In the past two years, restaurant brands have turned French fries into a battlefield, offering deals and new twists to lure in customers. But price pressures from a poor recent potato crop in Europe may soon complicate that strategy.
“Europe is having one of the worst potato crops in 40 years,” said Akshay Jagdale, packaged food analyst with Jefferies Inc., on a webinar Wednesday. “The harvest is now complete. And the shortage in Europe is likely to start playing through in the export markets pretty soon.”
Belgian open-market potato prices are 11 times higher than this time a year ago, for example, according to analyst Cedric Porter, editor of the United Kingdom-based World Potato Markets. And those price hikes are expected to ripple through the global markets.
For quick-service brands, especially, fries are not only a staple side item and a fixture on their value menus but they have become an area where companies can offer special marketing promotions and menu creativity.
Dublin, Ohio-based Wendy’s, for example, offered $1 Any Size Fries Nov. 30-Dec. 26 at the 6,600-unit brand. San Diego, Calif.-based Jack in the Box last summer introduced a “Sauced & Loaded Fries” promotion that started at $3 for its 2,200 locations. And Taco Bell, the Irvine, Calif.-based division of Yum! Brands Inc., last year introduced Nacho Fries on its Dollar Cravings Menu, and the 7,000-unit brand said it was its most successful new menu item, selling 53 million orders.
While large restaurant brands’ commodities contracts can insulate them from large swings in prices, the European potato shortage will likely impact promotions and pricing.
“Volatility in commodity prices is a nightmare for restaurants,” said Leslie Kerr, founder of Boston-based Intellaprice, a restaurant consulting firm. “It’s hard to resist a knee-jerk reaction, and often operators will take a price increase to compensate for cost spikes.
“In some cases, it’s easier to tough it out than others,” she said in emailed answers to questions. “But for burger brands, potatoes are integral to so many items on the menu as a key value combo component and as the main side item. Because there is such a direct link between cost and price, it may seem like a no-brainer to bump the price to compensate for the lower margin, so guests shouldn’t be surprised to see some price creep.”
Those price increases could impact planned promotions across the restaurant landscape.

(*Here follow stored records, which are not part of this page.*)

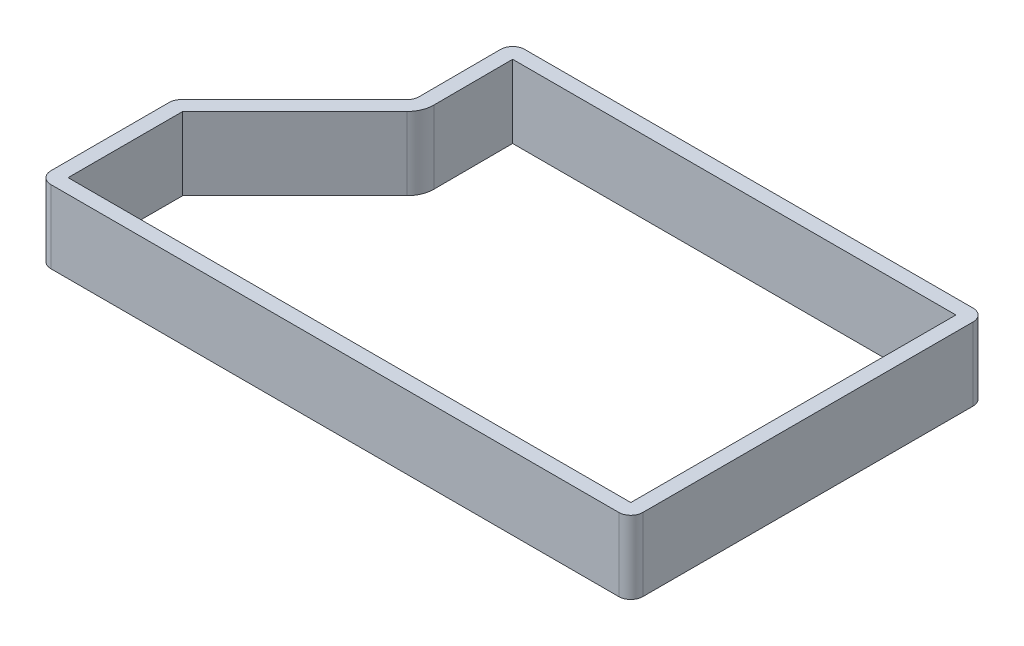
SolidWorks part; units mm, degrees
ref_plane "Front Plane" through (0, 0, 0) normal (0, 0, 1) x (1, 0, 0)
ref_plane "Top Plane" through (0, 0, 0) normal (0, 1, 0) x (1, 0, 0)
ref_plane "Right Plane" through (0, 0, 0) normal (1, 0, 0) x (0, 0, -1)
sketch "Sketch1" plane through (0, 0, 0) normal (0, 1, 0) x (1, 0, 0)
  line L16 (-46.4052, -22.2394) -> (31.4342, -22.2393)
  line L17 (33.0842, -20.59) -> (33.1033, 24.6566)
  line L18 (31.4526, 26.3073) -> (-29.9917, 26.2822)
  line L19 (-31.6396, 24.7021) -> (-31.6021, 13.4439)
  line L20 (-32.0854, 12.2716) -> (-47.5719, -3.2149)
  line L21 (-48.0552, -4.3817) -> (-48.0552, -20.5894)
  arc A12 (-48.0552, -20.5894) -> (-46.4052, -22.2394) centre (-46.4052, -20.5894) ccw
  arc A13 (31.4342, -22.2393) -> (33.0842, -20.59) centre (31.4342, -20.5893) ccw
  arc A14 (33.1033, 24.6566) -> (31.4526, 26.3073) centre (31.4533, 24.6573) ccw
  arc A15 (-29.9917, 26.2822) -> (-31.6396, 24.7021) centre (-29.9911, 24.6322) ccw
  arc A16 (-32.0854, 12.2716) -> (-31.6021, 13.4439) centre (-33.2521, 13.4384) ccw
  arc A17 (-47.5719, -3.2149) -> (-48.0552, -4.3817) centre (-46.4052, -4.3817) ccw
extrude "Extrude-Thin1" add sketch "Sketch1" along normal blind 10 thin

One-dollar fries frequently pop up as a successful traffic driver, such as the offers at Tampa, Fla.-based Checker’s/Rally’s, which gives free fries as part of its loyalty program signup and has run $1 specials in the past.
“As for promotions,” said pricing expert Kerr, “it’s sort of a good news/bad news situation.
“On the bright side, it’s relatively easy to pull this promotion if it’s planned. We should expect to see less of the $1 Any Size Fries offers that were popular last year,” she said. “Yes, there will be a need to promote something else, and there is certainly inconvenience if $1 Any Size Fries is already built into the marketing plan, but the hassle factor is less than that of pulling a full-on new product or limited time offer.”
Any commodity price increases come at an unfortunate time, Kerr added, because many brands are dealing with recent labor cost increases because of minimum wage rates, which rose in more than 20 states at the beginning of the year.
“It takes work from all areas of the company to readjust plans due to a commodities crunch,” Kerr said. “But it’s not the first time these operators have dealt with this type of situation, and it won’t be the last.”